Tuesday, October 09, 2012

100912 Attachment
to the way i want things to be; clapping hands, sitting in the high chair throwing food at the dog, picking things up with tiny fingers, chubby little boy in handknit vests, and yes my littlest one still snuggling in bed with me nursing himself  back to sleep.
this beautiful vision of babyhood. turning toward childhood obliterated by a week long hospital stay and the intervention: hypoallergenic formula, no food, feeding tube,mittens. so many things i did not want seemingly forced on us by well intentioned doctors.
it has been hard caught between fear and attachment.
i have feared for my baby. i want him better, but it is the attachment ( and my attachment to guilt) that causes me so much pain.
it is so hard to let go of this perfect vision, and the rembrance of his first 9 months, so peaceful and right.

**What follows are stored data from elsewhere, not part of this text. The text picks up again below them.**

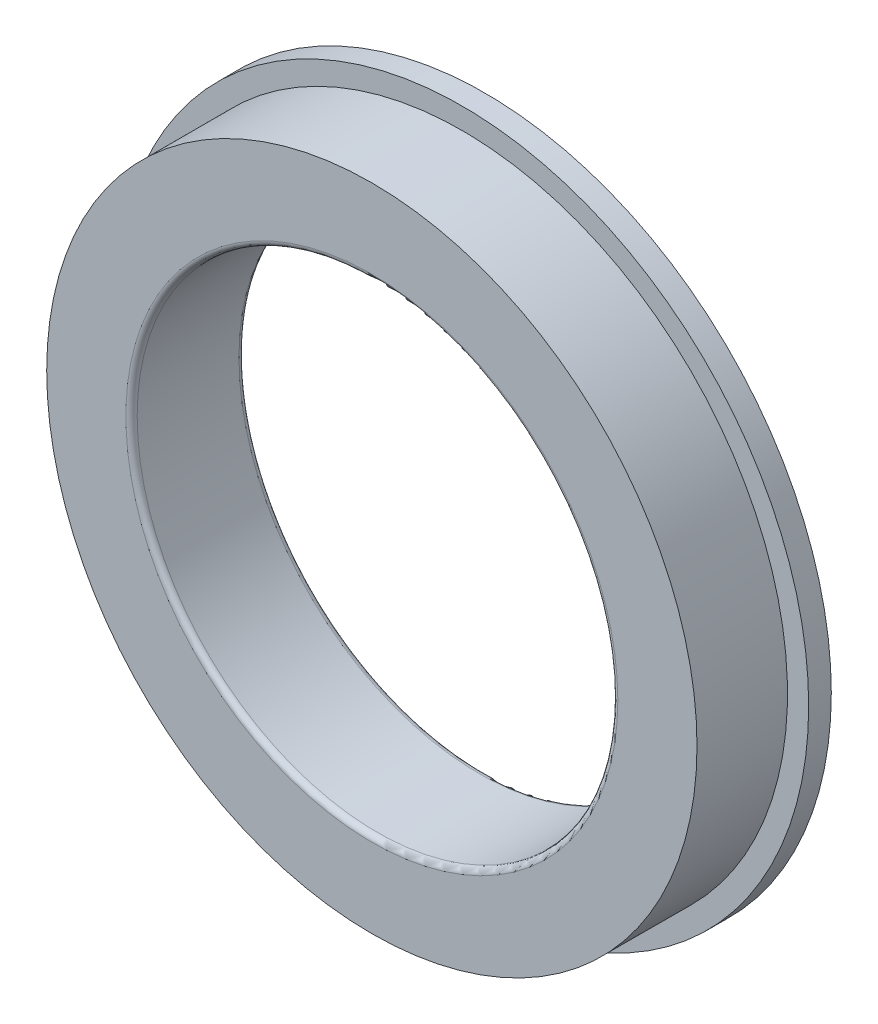
ISO-10303-21;
HEADER;
FILE_DESCRIPTION(('STEP AP214'),'2;1');
FILE_NAME('part.step','',(''),(''),'','','');
FILE_SCHEMA(('AUTOMOTIVE_DESIGN { 1 0 10303 214 1 1 1 1 }'));
ENDSEC;
DATA;
#1=APPLICATION_CONTEXT('core data for automotive mechanical design processes');
#2=APPLICATION_PROTOCOL_DEFINITION('international standard','automotive_design',2000,#1);
#3=PRODUCT_CONTEXT('',#1,'mechanical');
#4=PRODUCT('Part','Part','',(#3));
#5=PRODUCT_RELATED_PRODUCT_CATEGORY('part','',(#4));
#6=PRODUCT_DEFINITION_FORMATION('','',#4);
#7=PRODUCT_DEFINITION_CONTEXT('part definition',#1,'design');
#8=PRODUCT_DEFINITION('design','',#6,#7);
#9=PRODUCT_DEFINITION_SHAPE('','',#8);
#10=(LENGTH_UNIT() NAMED_UNIT(*) SI_UNIT(.MILLI.,.METRE.));
#11=(NAMED_UNIT(*) PLANE_ANGLE_UNIT() SI_UNIT($,.RADIAN.));
#12=(NAMED_UNIT(*) SI_UNIT($,.STERADIAN.) SOLID_ANGLE_UNIT());
#13=UNCERTAINTY_MEASURE_WITH_UNIT(LENGTH_MEASURE(1.E-05),#10,'distance_accuracy_value','');
#14=(GEOMETRIC_REPRESENTATION_CONTEXT(3) GLOBAL_UNCERTAINTY_ASSIGNED_CONTEXT((#13)) GLOBAL_UNIT_ASSIGNED_CONTEXT((#10,
#11,#12)) REPRESENTATION_CONTEXT('',''));
#15=CARTESIAN_POINT('',(0.,0.,0.));
#16=DIRECTION('',(0.,0.,1.));
#17=DIRECTION('',(1.,0.,0.));
#18=AXIS2_PLACEMENT_3D('',#15,#16,#17);
#19=CARTESIAN_POINT('',(0.,0.,4.));
#20=DIRECTION('',(0.,0.,-1.));
#21=DIRECTION('',(-1.,0.,0.));
#22=AXIS2_PLACEMENT_3D('',#19,#20,#21);
#23=CYLINDRICAL_SURFACE('',#22,11.5);
#24=CARTESIAN_POINT('',(0.,0.,4.));
#25=DIRECTION('',(0.,0.,1.));
#26=DIRECTION('',(1.,0.,0.));
#27=AXIS2_PLACEMENT_3D('',#24,#25,#26);
#28=CIRCLE('',#27,11.5);
#29=CARTESIAN_POINT('',(11.5,0.,4.));
#30=VERTEX_POINT('',#29);
#31=EDGE_CURVE('E66',#30,#30,#28,.T.);
#32=ORIENTED_EDGE('',*,*,#31,.F.);
#33=EDGE_LOOP('',(#32));
#34=FACE_BOUND('',#33,.T.);
#35=CARTESIAN_POINT('',(0.,0.,0.8));
#36=DIRECTION('',(0.,0.,-1.));
#37=DIRECTION('',(-1.,0.,0.));
#38=AXIS2_PLACEMENT_3D('',#35,#36,#37);
#39=CIRCLE('',#38,11.5);
#40=CARTESIAN_POINT('',(-11.5,0.,0.8));
#41=VERTEX_POINT('',#40);
#42=EDGE_CURVE('E63',#41,#41,#39,.T.);
#43=ORIENTED_EDGE('',*,*,#42,.F.);
#44=EDGE_LOOP('',(#43));
#45=FACE_BOUND('',#44,.T.);
#46=ADVANCED_FACE('F43',(#34,#45),#23,.T.);
#47=CARTESIAN_POINT('',(0.,0.,4.));
#48=DIRECTION('',(0.,0.,1.));
#49=DIRECTION('',(1.,0.,0.));
#50=AXIS2_PLACEMENT_3D('',#47,#48,#49);
#51=PLANE('',#50);
#52=CARTESIAN_POINT('',(0.,0.,4.));
#53=DIRECTION('',(0.,0.,1.));
#54=DIRECTION('',(1.,0.,0.));
#55=AXIS2_PLACEMENT_3D('',#52,#53,#54);
#56=CIRCLE('',#55,8.7);
#57=CARTESIAN_POINT('',(8.7,0.,4.));
#58=VERTEX_POINT('',#57);
#59=EDGE_CURVE('E50',#58,#58,#56,.F.);
#60=ORIENTED_EDGE('',*,*,#59,.T.);
#61=EDGE_LOOP('',(#60));
#62=FACE_BOUND('',#61,.T.);
#63=ORIENTED_EDGE('',*,*,#31,.T.);
#64=EDGE_LOOP('',(#63));
#65=FACE_BOUND('',#64,.T.);
#66=ADVANCED_FACE('F92',(#62,#65),#51,.T.);
#67=CARTESIAN_POINT('',(0.,0.,0.));
#68=DIRECTION('',(0.,0.,1.));
#69=DIRECTION('',(1.,0.,0.));
#70=AXIS2_PLACEMENT_3D('',#67,#68,#69);
#71=PLANE('',#70);
#72=CARTESIAN_POINT('',(0.,0.,0.));
#73=DIRECTION('',(0.,0.,1.));
#74=DIRECTION('',(1.,0.,0.));
#75=AXIS2_PLACEMENT_3D('',#72,#73,#74);
#76=CIRCLE('',#75,8.7);
#77=CARTESIAN_POINT('',(8.7,0.,0.));
#78=VERTEX_POINT('',#77);
#79=EDGE_CURVE('E11',#78,#78,#76,.T.);
#80=ORIENTED_EDGE('',*,*,#79,.T.);
#81=EDGE_LOOP('',(#80));
#82=FACE_BOUND('',#81,.T.);
#83=CARTESIAN_POINT('',(0.,0.,0.));
#84=DIRECTION('',(0.,0.,-1.));
#85=DIRECTION('',(-1.,0.,0.));
#86=AXIS2_PLACEMENT_3D('',#83,#84,#85);
#87=CIRCLE('',#86,12.25);
#88=CARTESIAN_POINT('',(-12.25,0.,0.));
#89=VERTEX_POINT('',#88);
#90=EDGE_CURVE('E70',#89,#89,#87,.T.);
#91=ORIENTED_EDGE('',*,*,#90,.T.);
#92=EDGE_LOOP('',(#91));
#93=FACE_BOUND('',#92,.T.);
#94=ADVANCED_FACE('F98',(#82,#93),#71,.F.);
#95=CARTESIAN_POINT('',(0.,0.,4.));
#96=DIRECTION('',(0.,0.,-1.));
#97=DIRECTION('',(-1.,0.,0.));
#98=AXIS2_PLACEMENT_3D('',#95,#96,#97);
#99=CYLINDRICAL_SURFACE('',#98,8.5);
#100=CARTESIAN_POINT('',(0.,0.,3.8));
#101=DIRECTION('',(0.,0.,1.));
#102=DIRECTION('',(1.,0.,0.));
#103=AXIS2_PLACEMENT_3D('',#100,#101,#102);
#104=CIRCLE('',#103,8.5);
#105=CARTESIAN_POINT('',(8.5,0.,3.8));
#106=VERTEX_POINT('',#105);
#107=EDGE_CURVE('E54',#106,#106,#104,.T.);
#108=ORIENTED_EDGE('',*,*,#107,.T.);
#109=EDGE_LOOP('',(#108));
#110=FACE_BOUND('',#109,.T.);
#111=CARTESIAN_POINT('',(0.,0.,0.2));
#112=DIRECTION('',(0.,0.,1.));
#113=DIRECTION('',(1.,0.,0.));
#114=AXIS2_PLACEMENT_3D('',#111,#112,#113);
#115=CIRCLE('',#114,8.5);
#116=CARTESIAN_POINT('',(8.5,0.,0.2));
#117=VERTEX_POINT('',#116);
#118=EDGE_CURVE('E58',#117,#117,#115,.F.);
#119=ORIENTED_EDGE('',*,*,#118,.T.);
#120=EDGE_LOOP('',(#119));
#121=FACE_BOUND('',#120,.T.);
#122=ADVANCED_FACE('F89',(#110,#121),#99,.F.);
#123=CARTESIAN_POINT('',(0.,0.,0.8));
#124=DIRECTION('',(0.,0.,-1.));
#125=DIRECTION('',(-1.,0.,0.));
#126=AXIS2_PLACEMENT_3D('',#123,#124,#125);
#127=CYLINDRICAL_SURFACE('',#126,12.25);
#128=CARTESIAN_POINT('',(0.,0.,0.8));
#129=DIRECTION('',(0.,0.,-1.));
#130=DIRECTION('',(-1.,0.,0.));
#131=AXIS2_PLACEMENT_3D('',#128,#129,#130);
#132=CIRCLE('',#131,12.25);
#133=CARTESIAN_POINT('',(-12.25,0.,0.8));
#134=VERTEX_POINT('',#133);
#135=EDGE_CURVE('E69',#134,#134,#132,.T.);
#136=ORIENTED_EDGE('',*,*,#135,.T.);
#137=EDGE_LOOP('',(#136));
#138=FACE_BOUND('',#137,.T.);
#139=ORIENTED_EDGE('',*,*,#90,.F.);
#140=EDGE_LOOP('',(#139));
#141=FACE_BOUND('',#140,.T.);
#142=ADVANCED_FACE('F76',(#138,#141),#127,.T.);
#143=CARTESIAN_POINT('',(0.,0.,0.8));
#144=DIRECTION('',(0.,0.,-1.));
#145=DIRECTION('',(-1.,0.,0.));
#146=AXIS2_PLACEMENT_3D('',#143,#144,#145);
#147=PLANE('',#146);
#148=ORIENTED_EDGE('',*,*,#42,.T.);
#149=EDGE_LOOP('',(#148));
#150=FACE_BOUND('',#149,.T.);
#151=ORIENTED_EDGE('',*,*,#135,.F.);
#152=EDGE_LOOP('',(#151));
#153=FACE_BOUND('',#152,.T.);
#154=ADVANCED_FACE('F79',(#150,#153),#147,.F.);
#155=CARTESIAN_POINT('',(0.,0.,3.8));
#156=DIRECTION('',(0.,0.,1.));
#157=DIRECTION('',(1.,0.,0.));
#158=AXIS2_PLACEMENT_3D('',#155,#156,#157);
#159=TOROIDAL_SURFACE('',#158,8.7,0.2);
#160=ORIENTED_EDGE('',*,*,#59,.F.);
#161=EDGE_LOOP('',(#160));
#162=FACE_BOUND('',#161,.T.);
#163=ORIENTED_EDGE('',*,*,#107,.F.);
#164=EDGE_LOOP('',(#163));
#165=FACE_BOUND('',#164,.T.);
#166=ADVANCED_FACE('F81',(#162,#165),#159,.T.);
#167=CARTESIAN_POINT('',(0.,0.,0.2));
#168=DIRECTION('',(0.,0.,1.));
#169=DIRECTION('',(1.,0.,0.));
#170=AXIS2_PLACEMENT_3D('',#167,#168,#169);
#171=TOROIDAL_SURFACE('',#170,8.7,0.2);
#172=ORIENTED_EDGE('',*,*,#118,.F.);
#173=EDGE_LOOP('',(#172));
#174=FACE_BOUND('',#173,.T.);
#175=ORIENTED_EDGE('',*,*,#79,.F.);
#176=EDGE_LOOP('',(#175));
#177=FACE_BOUND('',#176,.T.);
#178=ADVANCED_FACE('F45',(#174,#177),#171,.T.);
#179=CLOSED_SHELL('',(#46,#66,#94,#122,#142,#154,#166,#178));
#180=MANIFOLD_SOLID_BREP('B2',#179);
#181=ADVANCED_BREP_SHAPE_REPRESENTATION('',(#18,#180),#14);
#182=SHAPE_DEFINITION_REPRESENTATION(#9,#181);
ENDSEC;
END-ISO-10303-21;

it is hard to accept the reality, he may need this for a little time.
and yet he still smiles, he still claps, he is still mischevious., we still snuggle, and  if i look closely it is still a magical beautiful time
in most of the moments ( not when i trying to place a nasal tube at 1:00 am, mind you, that is not beautiful at all, that i hate with every bit of my being).
we will get better.
we will thrive.
we will push the doctors to move beyond the forced feeds as soon as possible.
this is only transient and will pass, and we will be left with only memories which are so different then the reality.
but the attachment thing is still hard to get around even if i can see the way it is working clear as day.